His research shows that replacing younger students’ “screen time” on tablets or computers with apps for exercise games can be as effective as physical education classes.

Gao emphasizes that exercise games on the computer do not replace time playing outside or the traditional physical education curriculum. Instead, he says, “we hope that active, fitness-oriented apps and games can replace sedentary time young people spend using tablets, watching television or playing traditional games – not physical activities like sports, biking or outside play.”

“Exercise games are not just a fad,” says Gao,  “and can be part of our approach to capturing the attention of students who are not drawn to athletics and physical education.”

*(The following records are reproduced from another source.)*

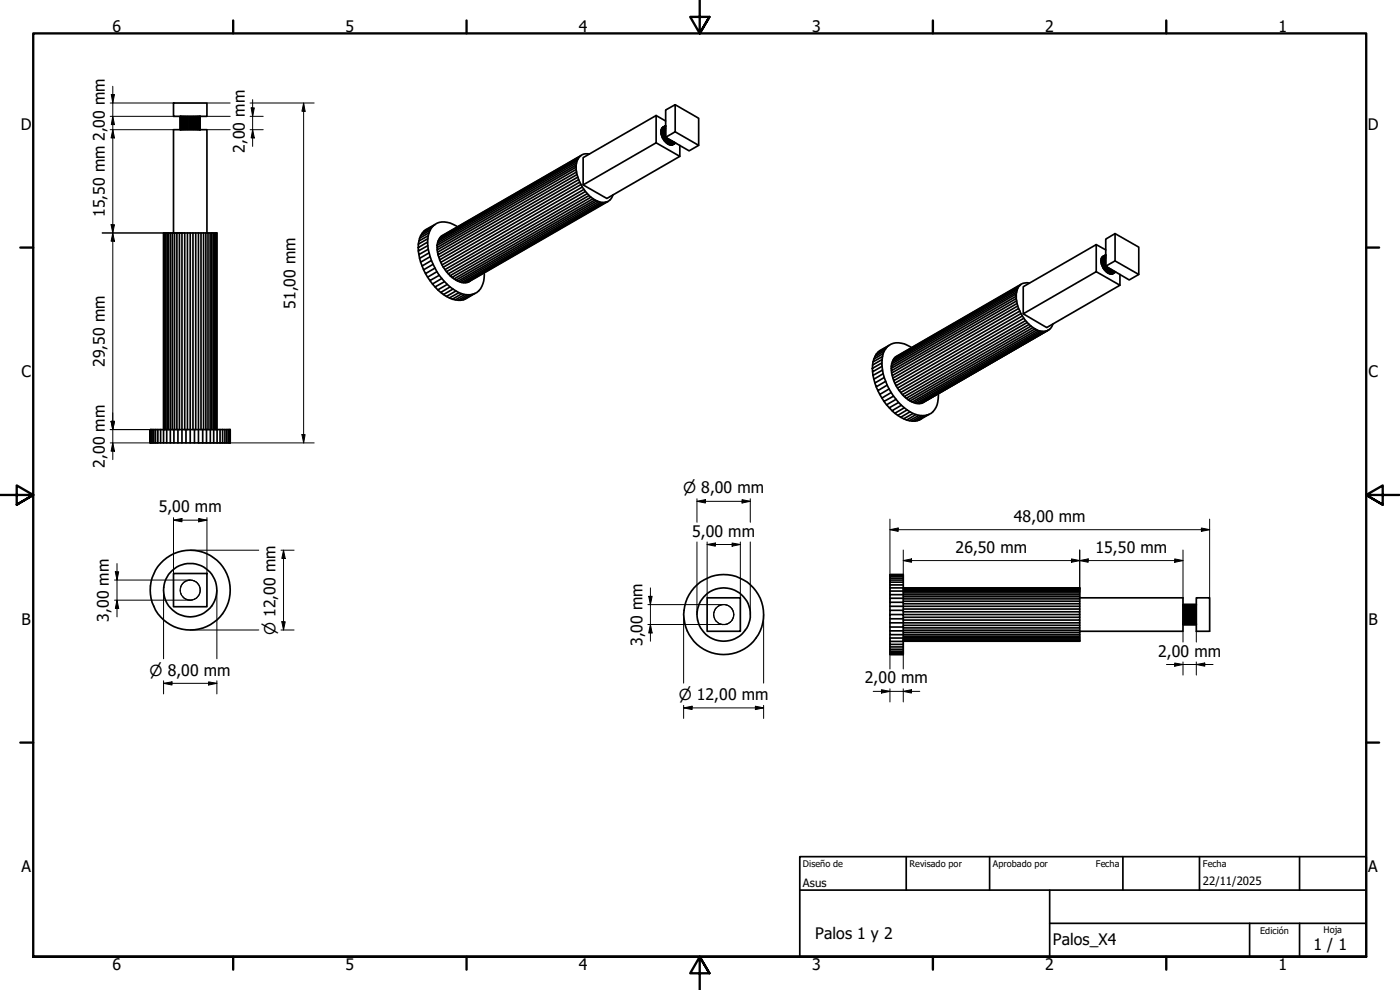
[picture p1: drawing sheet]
<svg xmlns="http://www.w3.org/2000/svg" width="420mm" height="297mm" viewBox="0 0 420 297" stroke-linecap="round" stroke-linejoin="round" font-family="sans-serif">
<!-- layer: Oculto (ISO) -->
<g fill="none" stroke="#000" stroke-width=".38">
<path d="M54.1 176.6v.2M54.1 177v.2M54.1 177.3v.2M54.2 177.6v.2M54.2 176.3v.2M54.2 177.9l.1 .2M54.3 178.2l.1 .2M54.4 178.5l.1 .2M54.4 175.8l-.2 .5M54.5 175.5l-.1 .1M54.6 178.7l.1 .2M54.7 175.2l-.1 .2"/>
<path d="M54.8 179l.1 .1M54.9 175l-.1 .1M55 179.2l.2 .2M55.2 174.7l-.2 .2M55.2 179.4l.2 .2M55.4 174.5l-.2 .2M55.5 179.6l.2 .1M55.7 174.4l-.2 .1M55.8 179.8h.1M55.9 174.3l-.1 .1M56.1 179.9h.2M56.3 174.2h-.2"/>
<path d="M56.4 179.9l.2 .1M56.6 174.1l-.2 .1M56.9 174l-.2 .1M57 174l.8 .2M57.8 179.9l-.2 .1M57.9 174.2h.1M58 174.2h.1M58 179.9h.1M58 179.9h-.1M58.2 174.3l.2 .1M58.4 179.8h-.2M58.5 174.4l.2 .1"/>
<path d="M58.7 179.6l-.2 .1M58.8 174.5l.1 .2M58.9 179.4l-.1 .2M59 174.7l.2 .2M59.2 179.2l-.2 .2M59.2 175l.2 .1M59.4 179l-.2 .1M59.4 175.2l.2 .2M59.6 178.7l-.2 .2M59.6 175.5l.2 .1M59.8 178.5l-.2 .2M59.8 175.8l.1 .5"/>
<path d="M59.8 175.8h.1M59.9 178.2l-.1 .2M59.9 177.9v.2M60 176.3l.1 .2M60.1 176.6v.2M60.1 177v.2M60.1 177.3v.2M60.1 177.6l-.1 .2M56.7 180h.8M214.2 184.3l.1 .9M214.2 184v.2M214.3 183.7l-.1 .2"/>
<path d="M214.3 185.2l.1 .2M214.4 183.4l-.1 .2M214.4 183.2h.1M214.4 185.5l.1 .2M214.5 183.1l-.1 .1M214.6 185.8v.2M214.6 182.8v.2M214.7 186.1l.1 .1M214.8 182.5l-.1 .2M214.9 186.3l.4 .4M215.1 182.3l-.2 .2M215.3 182.1l-.2 .1"/>
<path d="M215.3 186.7l.5 .4M215.5 181.9l-.2 .1M215.8 181.7l-.2 .1M215.9 187.1h.1M216 187.1l.1 .1M216.2 187.2l.1 .1M216.3 181.5l-.4 .2M216.5 181.5h.2M216.5 187.3l.2 .1M216.8 181.4h.2M216.8 187.4h.2M217.1 181.4h.2"/>
<path d="M217.1 187.4h.2M217.4 181.4h.2M217.4 187.4h.2M217.7 181.5h.2M217.9 187.3l-.2 .1M218 181.5l.2 .1M218.2 187.2l-.2 .1M218.3 181.6l.2 .1M218.5 187.1l-.2 .1M218.6 181.7l.2 .1M218.8 186.9l-.2 .2M218.9 181.9l.2 .1"/>
<path d="M219.1 186.7l-.2 .2M219.1 182.1l.2 .1M219.3 186.5l-.2 .2M219.3 182.3l.2 .2M219.5 186.3l-.2 .2M219.6 182.5l.2 .5M219.7 186.1l-.1 .1M219.8 185.8l-.1 .2M219.9 183.1l.1 .1M220 183.2h.1M220 185.5l-.1 .2M220 183.4l.1 .2"/>
<path d="M220.1 183.7l.1 .2M220.2 184v.1M220.2 184.1v.1M220.2 184.6l-.2 .8M220.2 184.3v.2"/>
</g>
<!-- layer: Visible (ISO) -->
<g fill="none" stroke="#000" stroke-width=".51">
<path d="M52.1 30.9h10v4h-10zM54.1 34.9v4M54.2 34.9v4M54.4 34.9v4M54.5 34.9v4M54.7 34.9v4M54.9 34.9v4M55.1 34.9v4M55.3 34.9v4M55.6 34.9v4M55.9 34.9v4M56.2 34.9v4"/>
<path d="M56.5 34.9v4M56.8 34.9v4M57.1 34.9v4M57.4 34.9v4M57.7 34.9v4M58 34.9v4M58.3 34.9v4M58.6 34.9v4M58.9 34.9v4M59.1 34.9v4M59.3 34.9v4M59.5 34.9v4"/>
<path d="M59.7 34.9v4M59.8 34.9v4M59.9 34.9v4M60 34.9v4M60.1 34.9v4v-4M196.9 34.7l2.9 1.6M198.4 39.5a3.8 3.8 0 0 0 3.3 4l1.1-.6-1.1 .6M198.9 38.2l.9-.5-1.2 .8-.2 .8M199.8 38.5l-1.4 .8v.2l1.4-.8M199.8 38.3l-1.4 .8M199.8 38.1l-1.4 .7M199.8 38l-1.2 .7"/>
<path d="M199.8 37.8l-1.2 .7M199.8 37.8l-1 .5M199.8 39l-1.4 .8M199.8 39.3l-1.4 .8M199.8 39.6l-1.4 .8M199.8 39.9l-1.2 .8M202.6 39.5v-8.1l-2.8 1.6v8.2M202.6 31.4l7.1 4.1v8.1M172.9 50.2v.6l-41.7 24.2v-.7M172.9 50.8l.1 .8-41.7 24.1-.1-.7M173 51.6a11.6 11.6 0 0 0 7.3 9.1 3 3 0 0 0 3.7-2.2M173 48.9l-41.7 24-.1 .7"/>
<path d="M173.2 52.4l-41.8 24-.1-.7M173.2 48.3l-41.8 24.1M173.4 53.1l-41.7 24.1-.3-.8M173.4 47.8l-41.7 24.1-.4 1M173.7 53.9l-41.7 24.1-.3-.8M173.7 47.4l-41.7 24-.3 .5M174 54.7l-41.7 24-.3-.7M174 47l-41.7 24-.3 .4M174.4 55.4l-41.7 24.1-.4-.8M174.4 46.7l-42.1 24.3M174.8 56.1l-41.8 24.1-.3-.7M175 47.3l21.9-12.6v8.1l-21.9 12.7z"/>
<path d="M175.3 56.8l-41.8 24.1 .5 .6M175.7 57.5l-41.7 24 .6 .7M176.3 58.1l-41.7 24.1 .5 .5M176.8 58.7l-41.7 24 .5 .5M176.9 46.2a3.2 3.2 0 0 0-4 3.3M177.4 59.2l-41.8 24 .7 .5M178 59.6l-41.7 24.1 .5 .4 41.8-24.1M196.9 42.8l7.1 4.1-21.9 12.6-7.1-4M199.8 41.2l2.8-1.7 7.1 4.1-2.9 1.7zM199.8 41l-.9 .5M199.8 40.6l-1 .7M199.8 40.3l-1.2 .6"/>
<path d="M199.9 41.3l-.8 .5M200.2 41.5l-1 .5M200.5 41.6l-1.1 .7M200.9 41.8l-1.3 .7M201.1 42l-1.3 .7M201.4 42.1l-1.4 .8M201.7 42.3l-1.4 .8M201.9 42.4l-1.4 .8M202.1 42.5l-1.4 .9M202.3 42.7l-1.4 .7M202.4 42.7l-1.3 .8M202.6 42.8l-1.2 .7"/>
<path d="M202.7 42.8l-1.2 .7M204 43.6v3.3M49.1 69.9l.2 59M49.3 69.9h14.3M49.5 69.9v59M49.8 69.9v59M50.2 69.9v59M50.6 69.9v59M51.2 69.9v59M51.8 69.9v59M52.1 69.9v-31h10v31M52.4 69.9v59"/>
<path d="M53.1 69.9v59M53.8 69.9v59M54.6 69.9v63h1.2v-4M55.4 69.9v59M56.3 69.9v59M57.1 69.9v63h-1.3M57.9 69.9v59M58.7 69.9v59M59.6 69.9v63h-1.2M60.3 69.9v59M61.1 69.9v59M61.8 69.9v59"/>
<path d="M62.4 69.9v59M63.1 69.9v59M63.6 69.9h1.5l.1 63h-1.1M63.6 69.9v59M64 69.9v59M64.4 69.9v59M64.7 69.9v59M64.9 69.9v59M65 69.9v59M125.5 74.3l2.8-1.7 .1 1.1-2.9 1.6zM128.3 72.6l.1-1-2.9 1.7v1M128.4 73.7l.1 1.1-2.8 1.6-.2-1.1"/>
<path d="M128.5 74.8l.3 1.1-2.9 1.6-.2-1.1M128.5 70.7l-2.8 1.6M128.8 75.9l.3 1.1-2.9 1.7-.3-1.2M128.8 69.8l-2.9 1.7-.4 1.8M129.1 77a17.5 17.5 0 0 0 9.5 11.1 4.7 4.7 0 0 0 6.6-3.7l.1-2.6M129.1 69.1l-2.9 1.6-.3 .8M129.5 78.2l-2.8 1.6-.5-1.1M129.5 68.4l-2.8 1.6-.5 .7M130 79.3l-2.9 1.6-.4-1.1M130 67.8l-2.9 1.7M130.6 67.4l-2.9 1.5-1 1.1M131.2 73.6l41.7-24.1v.7l-41.7 24.1z"/>
<path d="M137.3 68.1a5.7 5.7 0 0 0-7.3-.3 6.1 6.1 0 0 0-1.6 3.8M179.1 60.2l-41.7 24.2-.6-.3M179.7 60.5l-41.7 24.1-.6-.2M180.3 60.7l-41.7 24.1-.6-.2M180.8 60.8l-41.7 24h-.5M181.4 60.8l-41.8 24h-.5M181.9 60.6l-41.8 24.2h-.5M182.4 60.5l-42.3 24.3M329 73.4l2.9 1.6M330.4 78.3a4 4 0 0 0 3.4 3.9l1-.6M331.9 77.2l-1.4 .8-.1 .3 1.5-.8M331.9 76.4l-1.2 .8-.2 .8"/>
<path d="M331.9 79.9l2.7-1.6 7.2 4-2.9 1.7zM331.9 77l-1.4 .8M331.9 76.8l-1.4 .8M331.9 76.7l-1.3 .7M331.9 76.6l-1.2 .6M331.9 76.5l-1.1 .6M331.9 77.7l-1.4 .8M331.9 78l-1.4 .8M331.9 78.3l-1.4 .8M331.9 79.7l-.9 .5M331.9 78.7l-1.3 .7M331.9 79.4l-1.1 .5"/>
<path d="M331.9 79l-1.2 .7M332 80l-.9 .5M334.6 78.3v-8.2l-2.7 1.6v8.2M334.6 70.1l7.2 4.1v8.1M129 84.2l.8 1M130.6 80.4l-2.9 1.7-.6-1.2M131.1 81.5l-2.8 1.7-.6-1.1M131.8 82.6l-2.8 1.6-.7-1M132.6 83.6l-2.8 1.6 .8 .9M133 80.2l.5 .7M133.4 84.5l-2.8 1.6 .8 .9M134.2 85.3l-2.8 1.7 .9 .7"/>
<path d="M135.1 86.1l-2.8 1.6 .8 .7 2.9-1.7M136.8 87.3l-2.8 1.6-.9-.5M137.7 87.8l-2.8 1.6-.9-.5M138.6 88.1l-2.8 1.7-.9-.4M139.4 88.4l-2.7 1.6-.9-.2M140.3 88.4l-2.8 1.7-.8-.1M141 84.3l-.3 .3M141.1 88.4l-2.9 1.7h-.7M141.8 88.3l-2.8 1.7-.8 .1M142.5 88.1l-3.5 1.9M305 88.9v.7l-37.5 21.6v-.7M305 89.6l.1 .7-37.5 21.6-.1-.7"/>
<path d="M305.1 90.3a11.3 11.3 0 0 0 7.3 9.1 3 3 0 0 0 3.6-2.2M305.1 87.6l-37.5 21.6-.1 .6M305.2 91l-37.4 21.7-.2-.8M305.2 87l-37.4 21.6M305.4 91.8l-37.4 21.7-.2-.8M305.4 86.5l-37.4 21.6-.4 1.1M305.7 92.6l-37.5 21.6-.2-.7M305.7 86l-37.5 21.7-.2 .4M306.1 93.3l-37.6 21.7-.3-.8M306.1 85.6l-37.6 21.7-.3 .4M306.4 94.1l-37.5 21.6-.4-.7M306.4 85.3l-37.9 22"/>
<path d="M306.8 94.8l-37.4 21.6-.5-.7M307.1 86l21.9-12.6v8.1l-21.9 12.7zM307.3 95.5l-37.5 21.6 .5 .7M307.8 96.2l-37.5 21.6 .5 .6M308.3 96.8l-37.5 21.6 .6 .6M308.9 97.3l-37.5 21.7 .6 .5M308.9 84.9a3.1 3.1 0 0 0-3.9 3.3M309.4 97.8l-37.4 21.7 .5 .4M310 98.3l-37.5 21.6 .6 .4 37.5-21.6M311.2 99l-37.5 21.6-.6-.3M311.8 99.2l-37.5 21.6-.6-.2M312.4 99.4l-37.5 21.6-.6-.2"/>
<path d="M312.9 99.4l-37.4 21.7-.6-.1M313.4 99.4l-37.4 21.7h-.5M313.9 99.4l-37.4 21.6-.5 .1M314.4 99.2l-37.9 21.8M314.8 98.9l-37.9 21.9M329 81.5l7.1 4.1-22 12.7-7-4.1M332.3 80.2l-1 .6M332.6 80.4l-1.1 .6M332.9 80.5l-1.2 .7M333.2 80.7l-1.3 .8M333.4 80.8l-1.3 .8M333.7 81l-1.4 .8"/>
<path d="M333.9 81.1l-1.4 .9M334.1 81.3l-1.4 .7M334.3 81.3l-1.3 .9M334.5 81.5l-1.3 .7M334.6 81.5l-1.2 .7M334.7 81.6l-1.1 .6M334.8 81.6l-1 .6M336.1 82.3v3.3M261.8 110.5l2.9-1.6v1l-2.8 1.7zM264.7 108.9v-1l-2.8 1.6-.1 1M264.7 109.9l.2 1.1-2.9 1.6-.1-1M264.9 111l.1 1.1-2.7 1.7-.3-1.2"/>
<path d="M264.9 107l-2.9 1.6M265 112.1l.4 1.2-2.8 1.6-.3-1.1M265 106.1l-2.7 1.6-.4 1.8M265.4 113.3a18 18 0 0 0 9.5 11.1 4.7 4.7 0 0 0 6.7-4.7v-1.6M265.4 105.3l-2.8 1.7-.3 .7M265.8 114.4l-2.8 1.7-.4-1.2M265.8 104.6l-2.8 1.7-.4 .7M266.3 115.6l-2.8 1.6-.5-1.1M266.3 104.1l-2.8 1.6M266.8 116.7l-2.8 1.6-.5-1.1M266.8 103.6l-2.8 1.6-1 1.1M267.5 117.8l-2.8 1.6-.7-1.1"/>
<path d="M267.5 109.8l37.5-21.6v.7l-37.5 21.6zM268.2 118.9l-2.9 1.5-.6-1M268.9 119.8l-2.8 1.7 .8 .9M269.4 116.4l.4 .7M273.6 104.3a5.8 5.8 0 0 0-7.3-.2 5.7 5.7 0 0 0-1.6 3.8M45.1 128.9v4zM45.1 128.9h.2v4h-.2M45.3 128.9h.4v4h-.4M45.7 128.9h.5v4h-.5M46.2 128.9h20.6M46.7 128.9v4h-.5M47.4 128.9v4h-.7"/>
<path d="M48.2 128.9v4h-.8M49.1 128.9v-59v63h-.9M50 128.9v4h-.9M50 132.9h1.1M51.1 128.9v4h1.1M52.2 128.9v4h1.2M53.4 128.9v4h1.2M58.4 128.9v4h-1.3M60.8 128.9v4h-1.2M62 128.9v4h-1.2M63.1 128.9v4h-1.1M64.1 128.9v4h-1"/>
<path d="M66 128.9v4h-.8M66.8 128.9h2.3v4l-.1-4M66.8 128.9v4h-.8M66.8 132.9h.7M67.5 128.9v4h.6M68.1 128.9v4h.4M68.5 128.9v4h.5M68.8 128.9v4M265.3 120.4l.8 1.1M269.7 120.8l-2.8 1.6 .8 .8M270.5 121.6l-2.8 1.6 .8 .8M271.4 122.4l-2.9 1.6 .9 .6 2.8-1.6"/>
<path d="M273.1 123.6l-2.8 1.6-.9-.6M274 124.1l-2.8 1.6-.9-.5M274.9 124.4l-2.8 1.6-.9-.3M275.8 124.6l-2.9 1.6-.8-.2M276.6 124.7l-2.9 1.7-.8-.2M276.6 125.6l-.6 .4M277.4 124.7l-2.8 1.7h-.9M278.1 124.6l-2.8 1.6-.7 .2M278.8 124.3l-3.5 1.9M52.1 172.1h10v9.9h-10zM212.2 179.4h10v10h-10zM267.1 178.4v-2h56.9v7.2"/>
<path d="M267.1 172.4h4zM267.1 172.5v.1h4M267.1 172.6v.4h4M267.1 173v.5h4M267.1 173.5v.5M267.1 174.7v.8M267.1 177.3h4M271.1 172.4v10.7M271.1 179.5h-4v1.2M271.1 178.4h-4v1.1M271.1 174h-4v.7h4M271.1 175.5h-4v.9"/>
<path d="M271.1 176.5h52.9M271.1 176.6h52.9M271.1 176.8h52.9M271.1 177.1h52.9M271.1 179.7h52.9M271.1 177.5h52.9M271.1 177.9h52.9M271.1 178.5h52.9M271.1 179.1h52.9M324 179.4h31v10h-31M359 179.4h4v10h-4zM267.1 184.4h4v1.3h-4z"/>
<path d="M267.1 185.7v1.2h4v-1.2M267.1 186.9v1.2h4v-1.2h52.9M267.1 188.1v1.2h4v-1.2M267.1 189.3v1.1h4M267.1 190.4v1h4M267.1 191.4v1.1h4M267.1 192.5v.8h4M267.1 193.3v.8h4M267.1 181.9h56.9M267.1 194.1v.7M271.1 183.6h52.9v.8h-52.9v-1.3h-4v1.3M271.1 189.3v7.1l-4-.1"/>
<path d="M271.1 196.1h-4v.2h4M271.1 195.8h-4v.3M271.1 195.4h-4v.4M271.1 194.8h-4v.6M271.1 180.7h-4v2.4M271.1 192.3h52.9M271.1 187.6h52.9M271.1 192.2h52.9M271.1 188.4h52.9M271.1 192h52.9M271.1 189.1h52.9M271.1 191.7h52.9"/>
<path d="M271.1 189.7h52.9M271.1 191.3h52.9M271.1 190.4h52.9M271.1 190.9h52.9M271.1 182.7h52.9M271.1 181.2h52.9M271.1 180.4h52.9M324 184.4v.8h-52.9M324 185.2v.8h-52.9M324 186v6.4h-52.9M355 184.1h4M355 184.4h4"/>
<path d="M355 183.8h4M355 183.5h4M355 181.5h4M355 183.2h4M355 182.9h4M355 181.7h4M355 182.6h4M355 181.8h4M355 182.4h4M355 182h4M355 182.2h4M355 187.3h4"/>
<path d="M355 187.2h4M355 187.1h4M355 184.7h4M355 187h4M355 186.8h4M355 185h4M355 185.3h4M355 186.6h4M355 186.4h4M355 185.6h4M355 186.2h4M355 185.9h4"/>
<path d="M359 181.4h-4h4M359 187.4h-4h4"/>
<circle cx="57.1" cy="177.1" r="8"/>
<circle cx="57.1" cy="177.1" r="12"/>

Gao is director of the School’s Physical Activity Epidemiology Laboratory.

 

Dengel quoted on positive effects of exercise on circulation in Experience Life

Donald R. Dengel, Ph.D., professor in the School of Kinesiology and director of the Laboratory of Integrative Human Physiology was recently quoted in the June issue of Experience Life, an online health and fitness magazine, on how exercise improves circulation. “The circulatory system loves exercise,” Dengel says in the article, and explains that exercise makes the circulatory system stronger, more flexible, and more expansive, which in turn boosts athletic performance. The article can be accessed here.

Orr receives travel grant to present at North American Society for Sport Management

Madeleine Orr

Madeleine Orr, Ph.D. student in the School of Kinesiology, advised by Dr. Yuhei Inoue, assistant professor of sport management, has been awarded a Council of Graduate Students travel grant for $600  to attend and present at the North America Society for Sport Management Conference. Orr’s presentation is titled: “Toward a Practitioner-Oriented Framework of Event Legacy: A Case Study of Toronto 2015.”

Several other Kinesiology faculty members and graduate students are participating in the conference, held in Denver, CO from May 30 until June 2.

  • Kurumi Aizawa, Ph.D., visiting scholar from Waseda University Research Institute for Sport Knowledge in Tokyo, Japan, presents “Leveraging Events for Sport Participation: The Case of the Japanese National Sports Festival.”
  • Yuhei Inoue, Ph.D., presents “Sport Spectatorship and Live Satisfaction: A Multi-City Investigation.”
  • Lisa Kihl, Ph.D., presents “Athlete Representation in the Governance of Intercollegiate Sport,” together with Ph.D. student Caroline Heffernan.
  • Nicole LaVoi, Ph.D., participates in a symposium titled, “The Paradoxical Decline of Women in Coaching: Time for Radical Structural Change.”

The detailed conference program is available online.

Dahia Barr-Anderson and Sanaz Khosravani receive 2017 Women’s Philanthropic Leadership Circle awards

Dr. Barr-Anderson
Ms. Khosravani

A faculty member and doctoral student in the School of Kinesiology have been selected to receive awards from the College of Education and Human Development’s Women’s Philanthropic Leadership Circle (WPLC).

Dahia Barr-Anderson, Ph.D., assistant professor in the School, has received the Rising Star Faculty Award of $1,500 to use for professional development.  She joins an elite group of CEHD female faculty members in the college who have received this prestigious award.

Sanaz Khosravani, a Kinesiology doctoral student in the Human Sensorimotor Control Laboratory, will receive a $1,400 Graduate Student Ph.D. award based on the review committee’s assessment of her “academic achievements, community involvement, leadership, and passion for her academic and professional career.”

The awards will be conferred at the WPLC’s annual celebration on Tuesday, June 13, at the Town and Country Club in St. Paul.